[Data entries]
◇ ◇ ◇ ◇ ◇

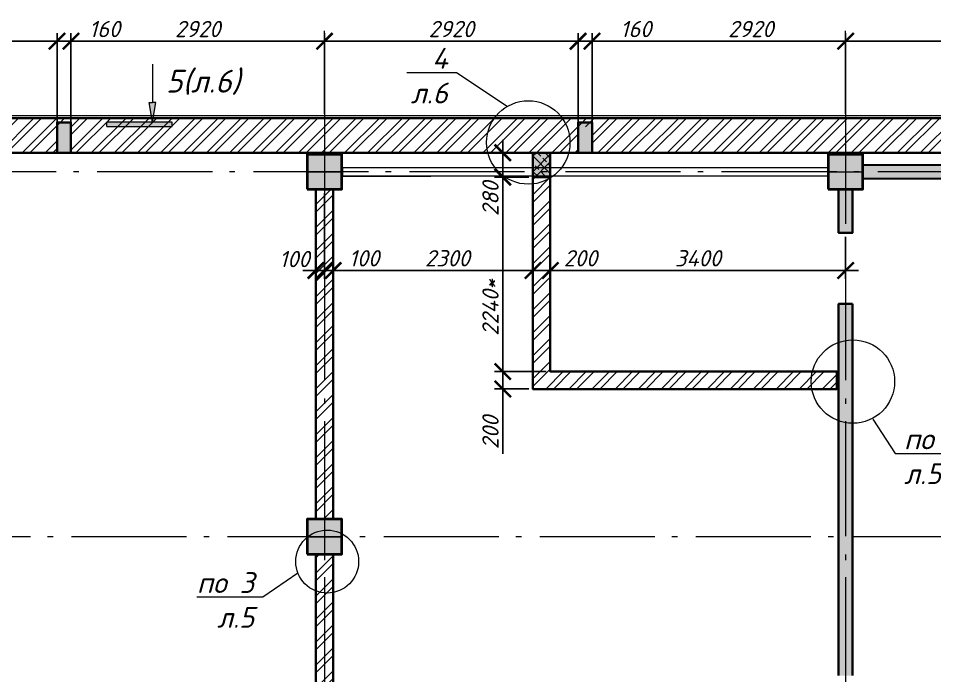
# Model space of a CAD drawing. Header units: millimetres. Extents: x -82276 to 69119, y 30132 to 86759.
# Drawn here: x 3353 to 13905, y 66056 to 73623 of the extents above; entities that cross this region are included whole.
import ezdxf
from ezdxf import colors
from ezdxf.entities.mleader import LeaderData, LeaderLine
from ezdxf.enums import TextEntityAlignment as Align
from ezdxf.math import Vec2, Vec3

# ---------------------------------------------------------------- set-up
doc = ezdxf.new("R2010")
doc.units = ezdxf.units.MM
doc.header["$MEASUREMENT"] = 0
doc.linetypes.add('Double Dashed', pattern=[1797.222233, 1325, -211.666656, 63.333344, -197.222233])
doc.layers.get('0').update_dxf_attribs({"lineweight": 5})
doc.layers.add('#Hatch', color=252, linetype='Continuous', lineweight=5, true_color=0x696969)
for name, color, linetype, lineweight in [('#Бетон', 10, 'Continuous', 35), ('#Выноски', 150, 'Continuous', 15), ('#стены внутр', 152, 'Continuous', 35), ('#стены наруж', 12, 'Continuous', 35), ('колонны_Ном._пера__94', 252, 'Continuous', 5), ('колонны_Ном._пера__99', 7, 'Continuous', 40), ('оси_Ном._пера__96', 7, 'Continuous', 5), ('размеры', 7, 'Continuous', 5), ('чертеж', 7, 'Continuous', 5), ('чертеж_Ном._пера__98', 7, 'Continuous', 35)]:
    doc.layers.add(name, color=color, linetype=linetype, lineweight=lineweight)
doc.layers.add('колонны', color=7, linetype='Continuous')
doc.layers.add('оси', color=7, linetype='Continuous')
doc.styles.add('STEP PR', font='isocpeui.ttf')
doc.styles.add('СГЕНЕРИР_СТИЛЬ_2', font='gost_2_304-81_type.ttf')
doc.dimstyles.new('SPDS', dxfattribs={"dimscale": 50, "dimtxt": 2.5, "dimasz": 2.5, "dimexe": 1.25, "dimexo": 0.625, "dimtad": 1, "dimdec": 0, "dimrnd": 0.001, "dimtxsty": 'STEP PR', "dimblk": 'ARCHTICK', "dimcen": 2.5, "dimdle": 2, "dimclrd": 256, "dimclre": 256, "dimclrt": 7, "dimadec": 0, "dimazin": 2, "dimtfac": 0.75, "dimtdec": 0, "dimtmove": 1, "dimatfit": 3, "dimfxl": 1, "dimtolj": 1, "dimarcsym": 1})

# ---------------------------------------------------------------- blocks, each defined once
blk = doc.blocks.new('Стандартный маркер сетки_16')
at = {"layer": 'оси_Ном._пера__96', "linetype": 'Double Dashed'}
blk.add_line((900, 0), (41068, 0), dxfattribs=at)
at = {"layer": 'оси_Ном._пера__96', "style": 'СГЕНЕРИР_СТИЛЬ_2'}
blk.add_attdef('AC_MarkerText_1', text='', height=350, rotation=180, dxfattribs=at).set_placement((-261, 270), align=Align.BOTTOM_LEFT)
blk = doc.blocks.new('Колонна_15_1', base_point=(22379, 71856))
at = {"layer": 'колонны_Ном._пера__94', "linetype": 'Continuous'}
blk.add_hatch(color=256, dxfattribs=at).paths.add_polyline_path([(22179, 71647), (22579, 71647), (22579, 72047), (22179, 72047)])
at = {"layer": 'колонны_Ном._пера__94', "color": 253, "lineweight": 5, "true_color": 0xa3a3a3}
for points in [[(22379, 72047), (22379, 71647)], [(22179, 71847), (22579, 71847)]]:
    blk.add_lwpolyline(points, dxfattribs=at)
at = {"layer": 'колонны_Ном._пера__99', "linetype": 'Continuous', "flags": 128}
blk.add_lwpolyline([(22179, 71647), (22579, 71647), (22579, 72047), (22179, 72047)], close=True, dxfattribs=at)
blk = doc.blocks.new('A$C6E950B50')
at = {"layer": 'колонны_Ном._пера__94', "linetype": 'Continuous', "true_color": 0x737373}
blk.add_hatch(color=8, dxfattribs=at).paths.add_polyline_path([(-669, 56), (-669, 216), (-3769, 216), (-3769, 56)])
at = {"layer": '#стены внутр', "lineweight": 30}
blk.add_lwpolyline([(-3769, 56), (-3769, 216), (-669, 216), (-669, 56), (-3769, 56)], dxfattribs=at)
blk = doc.blocks.new('Связ001')
at = {"layer": 'чертеж', "color": 83, "linetype": 'Continuous', "true_color": 0x7dc93b}
blk.add_line((150, 0), (1209, 0), dxfattribs=at)
at = {"layer": 'чертеж', "color": 102, "linetype": 'Continuous'}
blk.add_lwpolyline([(150, 100), (5983, 100), (5983, 0), (150, 0), (150, 100)], dxfattribs=at)
blk = doc.blocks.new('Стандартный маркер сетки_17')
at = {"layer": 'оси_Ном._пера__96', "linetype": 'Double Dashed'}
for q in [(0, 0), (20403, 0)]:
    blk.add_line((900, 0), q, dxfattribs=at)
at = {"layer": 'оси_Ном._пера__96', "style": 'СГЕНЕРИР_СТИЛЬ_2'}
blk.add_attdef('AC_MarkerText_1', text='', height=350, rotation=90, dxfattribs=at).set_placement((21973, -122), align=Align.BOTTOM_LEFT)
blk = doc.blocks.new('_ArchTick')
at = {"color": 0, "linetype": 'ByBlock', "const_width": 0.15}
blk.add_lwpolyline([(-0.5, -0.5), (0.5, 0.5)], dxfattribs=at)
blk = doc.blocks.new('*D107')
at = {"layer": 'Defpoints', "color": 0, "transparency": 16777216}
for p in [(6979, 71656), (9279, 71656), (9279, 70720)]:
    blk.add_point(p, dxfattribs=at)
at = {"layer": 'размеры', "lineweight": -2, "transparency": 16777216}
for p, q in [((6979, 71609), (6979, 70626)), ((9279, 71609), (9279, 70626)), ((6829, 70720), (9429, 70720))]:
    blk.add_line(p, q, dxfattribs=at)
at = {"layer": 'размеры', "lineweight": -2, "transparency": 16777216, "xscale": 187.5, "yscale": 187.5, "zscale": 187.5, "rotation": 180}
blk.add_blockref('_ArchTick', (6979, 70720), dxfattribs=at)
at = {"layer": 'размеры', "lineweight": -2, "transparency": 16777216, "xscale": 187.5, "yscale": 187.5, "zscale": 187.5}
blk.add_blockref('_ArchTick', (9279, 70720), dxfattribs=at)
at = {"layer": 'размеры', "color": 7, "transparency": 16777216, "insert": (8294, 70861), "char_height": 187.5, "attachment_point": 5, "style": 'STEP PR'}
blk.add_mtext('\\A1;2300', dxfattribs=at)
blk = doc.blocks.new('сердечник160х300')
at = {"layer": '#Hatch', "true_color": 0xe6e6e6}
h = blk.add_hatch(color=254, dxfattribs=at)
h.dxf.hatch_style = 1
h.paths.add_polyline_path([(80, 200), (-80, 200), (-80, -150), (80, -150)])
at = {"layer": '#Бетон'}
blk.add_lwpolyline([(80, -150), (80, 200), (-80, 200), (-80, -150)], close=True, dxfattribs=at)
blk = doc.blocks.new('*D174')
at = {"layer": 'Defpoints', "color": 0, "transparency": 16777216}
for p in [(9479, 72076), (9279, 71656), (9479, 70720)]:
    blk.add_point(p, dxfattribs=at)
at = {"layer": 'размеры', "lineweight": -2, "transparency": 16777216}
for p, q in [((9479, 72029), (9479, 70626)), ((9279, 71609), (9279, 70626)), ((9129, 70720), (9629, 70720))]:
    blk.add_line(p, q, dxfattribs=at)
at = {"layer": 'размеры', "lineweight": -2, "transparency": 16777216, "xscale": 187.5, "yscale": 187.5, "zscale": 187.5, "rotation": 180}
blk.add_blockref('_ArchTick', (9279, 70720), dxfattribs=at)
at = {"layer": 'размеры', "lineweight": -2, "transparency": 16777216, "xscale": 187.5, "yscale": 187.5, "zscale": 187.5}
blk.add_blockref('_ArchTick', (9479, 70720), dxfattribs=at)
at = {"layer": 'размеры', "color": 7, "transparency": 16777216, "insert": (9826, 70861), "char_height": 187.5, "attachment_point": 5, "style": 'STEP PR'}
blk.add_mtext('\\A1;200', dxfattribs=at)
blk = doc.blocks.new('*D175')
at = {"layer": 'Defpoints', "color": 0, "transparency": 16777216}
for p in [(9479, 72076), (12879, 71156), (12879, 70720)]:
    blk.add_point(p, dxfattribs=at)
at = {"layer": 'размеры', "lineweight": -2, "transparency": 16777216}
for p, q in [((9479, 72029), (9479, 70626)), ((12879, 71109), (12879, 70626)), ((9329, 70720), (13029, 70720))]:
    blk.add_line(p, q, dxfattribs=at)
at = {"layer": 'размеры', "lineweight": -2, "transparency": 16777216, "xscale": 187.5, "yscale": 187.5, "zscale": 187.5, "rotation": 180}
blk.add_blockref('_ArchTick', (9479, 70720), dxfattribs=at)
at = {"layer": 'размеры', "lineweight": -2, "transparency": 16777216, "xscale": 187.5, "yscale": 187.5, "zscale": 187.5}
blk.add_blockref('_ArchTick', (12879, 70720), dxfattribs=at)
at = {"layer": 'размеры', "color": 7, "transparency": 16777216, "insert": (11179, 70861), "char_height": 187.5, "attachment_point": 5, "style": 'STEP PR'}
blk.add_mtext('\\A1;3400', dxfattribs=at)
blk = doc.blocks.new('*D176')
at = {"layer": 'Defpoints', "color": 0, "transparency": 16777216}
for p in [(6779, 71656), (6879, 71656), (6779, 70720)]:
    blk.add_point(p, dxfattribs=at)
at = {"layer": 'размеры', "lineweight": -2, "transparency": 16777216}
for p, q in [((6779, 71609), (6779, 70626)), ((6879, 71609), (6879, 70626)), ((7029, 70720), (6629, 70720))]:
    blk.add_line(p, q, dxfattribs=at)
at = {"layer": 'размеры', "lineweight": -2, "transparency": 16777216, "xscale": 187.5, "yscale": 187.5, "zscale": 187.5, "rotation": 180}
blk.add_blockref('_ArchTick', (6779, 70720), dxfattribs=at)
at = {"layer": 'размеры', "lineweight": -2, "transparency": 16777216, "xscale": 187.5, "yscale": 187.5, "zscale": 187.5}
blk.add_blockref('_ArchTick', (6879, 70720), dxfattribs=at)
at = {"layer": 'размеры', "color": 7, "transparency": 16777216, "insert": (6532, 70852), "char_height": 187.5, "attachment_point": 5, "style": 'STEP PR'}
blk.add_mtext('\\A1;100', dxfattribs=at)
blk = doc.blocks.new('*D177')
at = {"layer": 'Defpoints', "color": 0, "transparency": 16777216}
for p in [(6879, 71656), (6979, 71656), (6979, 70720)]:
    blk.add_point(p, dxfattribs=at)
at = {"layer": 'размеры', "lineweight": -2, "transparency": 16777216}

◇ ◇ ◇ ◇ ◇

Task brief
Which lines of the data contain the word "Бетон"? Copy each one.

Answer space
for name, color, linetype, lineweight in [('#Бетон', 10, 'Continuous', 35), ('#Выноски', 150, 'Continuous', 15), ('#стены внутр', 152, 'Continuous', 35), ('#стены наруж', 12, 'Continuous', 35), ('колонны_Ном._пера__94', 252, 'Continuous', 5), ('колонны_Ном._пера__99', 7, 'Continuous', 40), ('оси_Ном._пера__96', 7, 'Continuous', 5), ('размеры', 7, 'Continuous', 5), ('чертеж', 7, 'Continuous', 5), ('чертеж_Ном._пера__98', 7, 'Continuous', 35)]:
at = {"layer": '#Бетон'}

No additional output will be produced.